Glossy brochures were distributed to doctors and pharmacists, filled with impressive graphs and charts, but there was little substance to the therapeutic hubris beyond the basic tranquillising effects of benzodiazepines. The pharmaceutical industry succeeded in reframing neurotic disorder from a problem needing psychotherapy to a disease requiring chemical intervention. In the last decades of the twentieth century, Americans were diverted from the couch to the medicine cupboard. Coleman lamented the ensuing change to medical practice:

‘When the unhappy consumer goes to see his doctor, he sees a man who has been pressured into believing that anxiety and depression are pathological. The manufacturers of anxiolytics and antidepressants have to sell their wares to the doctors who can prescribe them. So a great deal of research is published to show that people who are anxious or depressed should be treated with medicines of one kind or another. As a result it is very difficult for a doctor to turn a patient away without pharmacological help.’

Millions of people have been prescribed these pills, but like antidepressants (on which I have written extensively), the result was not cure but biochemical dependence. As the Committee on Safety of Medicines belatedly advised in 1988, benzodiazepines should be prescribed for no more than four weeks, with a gradual reduction in dose after two weeks. This did not stop doctors from repeating prescriptions ad infinitum.

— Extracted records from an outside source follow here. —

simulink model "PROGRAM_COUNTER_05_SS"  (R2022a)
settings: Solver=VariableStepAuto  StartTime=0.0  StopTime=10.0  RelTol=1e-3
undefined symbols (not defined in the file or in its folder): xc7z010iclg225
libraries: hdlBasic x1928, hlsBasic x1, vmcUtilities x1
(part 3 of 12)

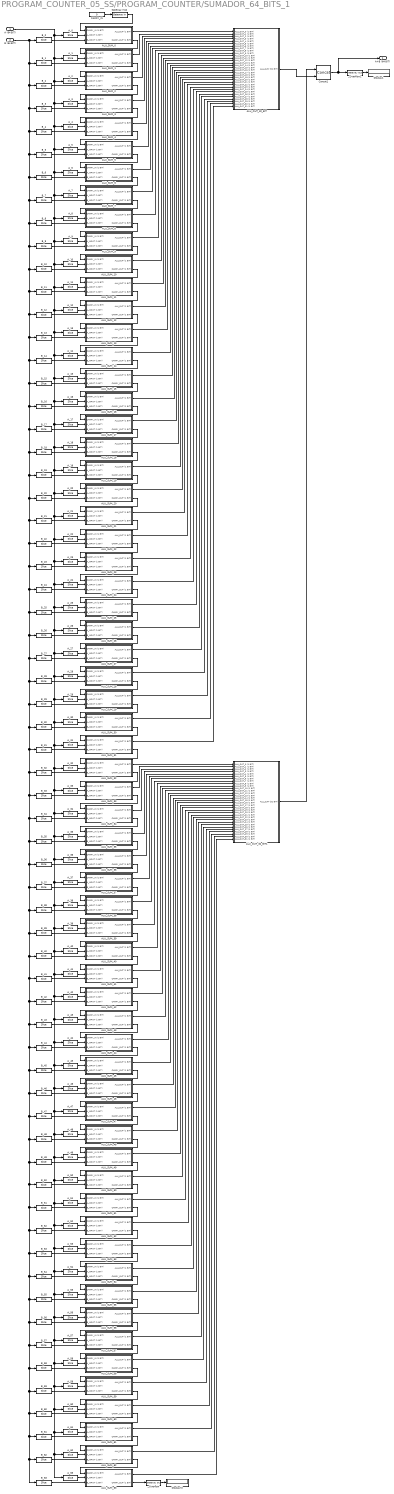
== system PROGRAM_COUNTER_05_SS/PROGRAM_COUNTER/SUMADOR_64_BITS_1 ==
  A (64 BIT) : Inport
  B (64 BIT) : Inport  Port=2
  ALU_OUT_32_BIT : Subsystem
  ALU_OUT_32_BIT1 : Subsystem
  ALU_SUM_0 : Subsystem
  ALU_SUM_1 : Subsystem
  ALU_SUM_10 : Subsystem
  ALU_SUM_11 : Subsystem
  ALU_SUM_12 : Subsystem
  ALU_SUM_13 : Subsystem
  ALU_SUM_14 : Subsystem
  ALU_SUM_15 : Subsystem
  ALU_SUM_16 : Subsystem
  ALU_SUM_17 : Subsystem
  ALU_SUM_18 : Subsystem
  ALU_SUM_19 : Subsystem
  ALU_SUM_2 : Subsystem
  ALU_SUM_20 : Subsystem
  ALU_SUM_21 : Subsystem
  ALU_SUM_22 : Subsystem
  ALU_SUM_23 : Subsystem
  ALU_SUM_24 : Subsystem
  ALU_SUM_25 : Subsystem
  ALU_SUM_26 : Subsystem
  ALU_SUM_27 : Subsystem
  ALU_SUM_28 : Subsystem
  ALU_SUM_29 : Subsystem
  ALU_SUM_3 : Subsystem
  ALU_SUM_30 : Subsystem
  ALU_SUM_31 : Subsystem
  ALU_SUM_32 : Subsystem
  ALU_SUM_33 : Subsystem
  ALU_SUM_34 : Subsystem
  ALU_SUM_35 : Subsystem
  ALU_SUM_36 : Subsystem
  ALU_SUM_37 : Subsystem
  ALU_SUM_38 : Subsystem
  ALU_SUM_39 : Subsystem
  ALU_SUM_4 : Subsystem
  ALU_SUM_40 : Subsystem
  ALU_SUM_41 : Subsystem
  ALU_SUM_42 : Subsystem
  ALU_SUM_43 : Subsystem
  ALU_SUM_44 : Subsystem
  ALU_SUM_45 : Subsystem
  ALU_SUM_46 : Subsystem
  ALU_SUM_47 : Subsystem
  ALU_SUM_48 : Subsystem
  ALU_SUM_49 : Subsystem
  ALU_SUM_5 : Subsystem
  ALU_SUM_50 : Subsystem
  ALU_SUM_51 : Subsystem
  ALU_SUM_52 : Subsystem
  ALU_SUM_53 : Subsystem
  ALU_SUM_54 : Subsystem
  ALU_SUM_55 : Subsystem
  ALU_SUM_56 : Subsystem
  ALU_SUM_57 : Subsystem
  ALU_SUM_58 : Subsystem
  ALU_SUM_59 : Subsystem
  ALU_SUM_6 : Subsystem
  ALU_SUM_60 : Subsystem
  ALU_SUM_61 : Subsystem
  ALU_SUM_62 : Subsystem
  ALU_SUM_63 : Subsystem
  ALU_SUM_7 : Subsystem
  ALU_SUM_8 : Subsystem
  ALU_SUM_9 : Subsystem
  A_0 : hdlBasic/Slice  nbits=1  boolean_output=off  mode=Lower Bit Location + Width  bit1=-3  base1=MSB of Input  bit0=0  base0=LSB of Input  XmcBlockStatus=1  maskContainerNames=group1  block_type=slice  block_config=sysgen:Slice_config
  A_1 : hdlBasic/Slice  nbits=1  boolean_output=off  mode=Lower Bit Location + Width  bit1=-2  base1=MSB of Input  bit0=1  base0=LSB of Input  XmcBlockStatus=1  maskContainerNames=group1  block_type=slice  block_config=sysgen:Slice_config
  A_10 : hdlBasic/Slice  nbits=1  boolean_output=off  mode=Lower Bit Location + Width  bit1=-1  base1=MSB of Input  bit0=10  base0=LSB of Input  XmcBlockStatus=1  maskContainerNames=group1  block_type=slice  block_config=sysgen:Slice_config
  A_11 : hdlBasic/Slice  nbits=1  boolean_output=off  mode=Lower Bit Location + Width  bit1=-3  base1=MSB of Input  bit0=11  base0=LSB of Input  XmcBlockStatus=1  maskContainerNames=group1  block_type=slice  block_config=sysgen:Slice_config
  A_12 : hdlBasic/Slice  nbits=1  boolean_output=off  mode=Lower Bit Location + Width  bit1=-2  base1=MSB of Input  bit0=12  base0=LSB of Input  XmcBlockStatus=1  maskContainerNames=group1  block_type=slice  block_config=sysgen:Slice_config
  A_13 : hdlBasic/Slice  nbits=1  boolean_output=off  mode=Lower Bit Location + Width  bit1=-1  base1=MSB of Input  bit0=13  base0=LSB of Input  XmcBlockStatus=1  maskContainerNames=group1  block_type=slice  block_config=sysgen:Slice_config
  A_14 : hdlBasic/Slice  nbits=1  boolean_output=off  mode=Lower Bit Location + Width  bit1=-1  base1=MSB of Input  bit0=14  base0=LSB of Input  XmcBlockStatus=1  maskContainerNames=group1  block_type=slice  block_config=sysgen:Slice_config
  A_15 : hdlBasic/Slice  nbits=1  boolean_output=off  mode=Lower Bit Location + Width  bit1=-3  base1=MSB of Input  bit0=15  base0=LSB of Input  XmcBlockStatus=1  maskContainerNames=group1  block_type=slice  block_config=sysgen:Slice_config
  A_16 : hdlBasic/Slice  nbits=1  boolean_output=off  mode=Lower Bit Location + Width  bit1=-2  base1=MSB of Input  bit0=16  base0=LSB of Input  XmcBlockStatus=1  maskContainerNames=group1  block_type=slice  block_config=sysgen:Slice_config
  A_17 : hdlBasic/Slice  nbits=1  boolean_output=off  mode=Lower Bit Location + Width  bit1=-1  base1=MSB of Input  bit0=17  base0=LSB of Input  XmcBlockStatus=1  maskContainerNames=group1  block_type=slice  block_config=sysgen:Slice_config
  A_18 : hdlBasic/Slice  nbits=1  boolean_output=off  mode=Lower Bit Location + Width  bit1=-1  base1=MSB of Input  bit0=18  base0=LSB of Input  XmcBlockStatus=1  maskContainerNames=group1  block_type=slice  block_config=sysgen:Slice_config
  A_19 : hdlBasic/Slice  nbits=1  boolean_output=off  mode=Lower Bit Location + Width  bit1=-3  base1=MSB of Input  bit0=19  base0=LSB of Input  XmcBlockStatus=1  maskContainerNames=group1  block_type=slice  block_config=sysgen:Slice_config
  A_2 : hdlBasic/Slice  nbits=1  boolean_output=off  mode=Lower Bit Location + Width  bit1=-1  base1=MSB of Input  bit0=2  base0=LSB of Input  XmcBlockStatus=1  maskContainerNames=group1  block_type=slice  block_config=sysgen:Slice_config
  A_20 : hdlBasic/Slice  nbits=1  boolean_output=off  mode=Lower Bit Location + Width  bit1=-2  base1=MSB of Input  bit0=20  base0=LSB of Input  XmcBlockStatus=1  maskContainerNames=group1  block_type=slice  block_config=sysgen:Slice_config
  A_21 : hdlBasic/Slice  nbits=1  boolean_output=off  mode=Lower Bit Location + Width  bit1=-1  base1=MSB of Input  bit0=21  base0=LSB of Input  XmcBlockStatus=1  maskContainerNames=group1  block_type=slice  block_config=sysgen:Slice_config
  A_22 : hdlBasic/Slice  nbits=1  boolean_output=off  mode=Lower Bit Location + Width  bit1=-1  base1=MSB of Input  bit0=22  base0=LSB of Input  XmcBlockStatus=1  maskContainerNames=group1  block_type=slice  block_config=sysgen:Slice_config
  A_23 : hdlBasic/Slice  nbits=1  boolean_output=off  mode=Lower Bit Location + Width  bit1=-3  base1=MSB of Input  bit0=23  base0=LSB of Input  XmcBlockStatus=1  maskContainerNames=group1  block_type=slice  block_config=sysgen:Slice_config
  A_24 : hdlBasic/Slice  nbits=1  boolean_output=off  mode=Lower Bit Location + Width  bit1=-2  base1=MSB of Input  bit0=24  base0=LSB of Input  XmcBlockStatus=1  maskContainerNames=group1  block_type=slice  block_config=sysgen:Slice_config
  A_25 : hdlBasic/Slice  nbits=1  boolean_output=off  mode=Lower Bit Location + Width  bit1=-1  base1=MSB of Input  bit0=25  base0=LSB of Input  XmcBlockStatus=1  maskContainerNames=group1  block_type=slice  block_config=sysgen:Slice_config
  A_26 : hdlBasic/Slice  nbits=1  boolean_output=off  mode=Lower Bit Location + Width  bit1=-1  base1=MSB of Input  bit0=26  base0=LSB of Input  XmcBlockStatus=1  maskContainerNames=group1  block_type=slice  block_config=sysgen:Slice_config
  A_27 : hdlBasic/Slice  nbits=1  boolean_output=off  mode=Lower Bit Location + Width  bit1=-3  base1=MSB of Input  bit0=27  base0=LSB of Input  XmcBlockStatus=1  maskContainerNames=group1  block_type=slice  block_config=sysgen:Slice_config
  A_28 : hdlBasic/Slice  nbits=1  boolean_output=off  mode=Lower Bit Location + Width  bit1=-2  base1=MSB of Input  bit0=28  base0=LSB of Input  XmcBlockStatus=1  maskContainerNames=group1  block_type=slice  block_config=sysgen:Slice_config
  A_29 : hdlBasic/Slice  nbits=1  boolean_output=off  mode=Lower Bit Location + Width  bit1=-1  base1=MSB of Input  bit0=29  base0=LSB of Input  XmcBlockStatus=1  maskContainerNames=group1  block_type=slice  block_config=sysgen:Slice_config
  A_3 : hdlBasic/Slice  nbits=1  boolean_output=off  mode=Lower Bit Location + Width  bit1=-3  base1=MSB of Input  bit0=3  base0=LSB of Input  XmcBlockStatus=1  maskContainerNames=group1  block_type=slice  block_config=sysgen:Slice_config
  A_30 : hdlBasic/Slice  nbits=1  boolean_output=off  mode=Lower Bit Location + Width  bit1=-1  base1=MSB of Input  bit0=30  base0=LSB of Input  XmcBlockStatus=1  maskContainerNames=group1  block_type=slice  block_config=sysgen:Slice_config
  A_31 : hdlBasic/Slice  nbits=1  boolean_output=off  mode=Lower Bit Location + Width  bit1=-3  base1=MSB of Input  bit0=31  base0=LSB of Input  XmcBlockStatus=1  maskContainerNames=group1  block_type=slice  block_config=sysgen:Slice_config
  A_32 : hdlBasic/Slice  nbits=1  boolean_output=off  mode=Lower Bit Location + Width  bit1=-1  base1=MSB of Input  bit0=32  base0=LSB of Input  XmcBlockStatus=1  maskContainerNames=group1  block_type=slice  block_config=sysgen:Slice_config
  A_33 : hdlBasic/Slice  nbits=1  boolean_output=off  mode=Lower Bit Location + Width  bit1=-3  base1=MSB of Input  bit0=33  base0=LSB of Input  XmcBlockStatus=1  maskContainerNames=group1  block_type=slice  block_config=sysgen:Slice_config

In an interview on BBC Radio Four in 1999, psychiatrist Malcolm Lader remarked: ‘It is more difficult to withdraw people from benzodiazepines than it is from heroin.’

In his 2019 book The Benzos Story: 1960s-1980s, Vernon Coleman collated excerpts from the enormous amount of mail from people up and down the country struggling on benzodiazepines. Mrs J, from Hertfordshire, had a typical experience of dependence and medical indifference: ‘I feel so weak and helpless now that I have allowed myself to become hooked on them. I do wish someone could help me as I feel that it is impossible to come off them without any help. My GP insists that I am an anxious person. He says I am better on them so what chance have I of getting off them? They have really taken over my life and I can honestly say that I get suicidal. I was put on the pills 15 years ago for the “change”. Surely this must be over by now?’

As I will discuss in Part Two, long-term benzodiazepine use incurs serious health risks, with compelling evidence of neuropathy and brain damage. Benzodiazepines have clinical value, but without proper monitoring and timely withdrawal, they take the sufferer out of the frying pan and into the fire.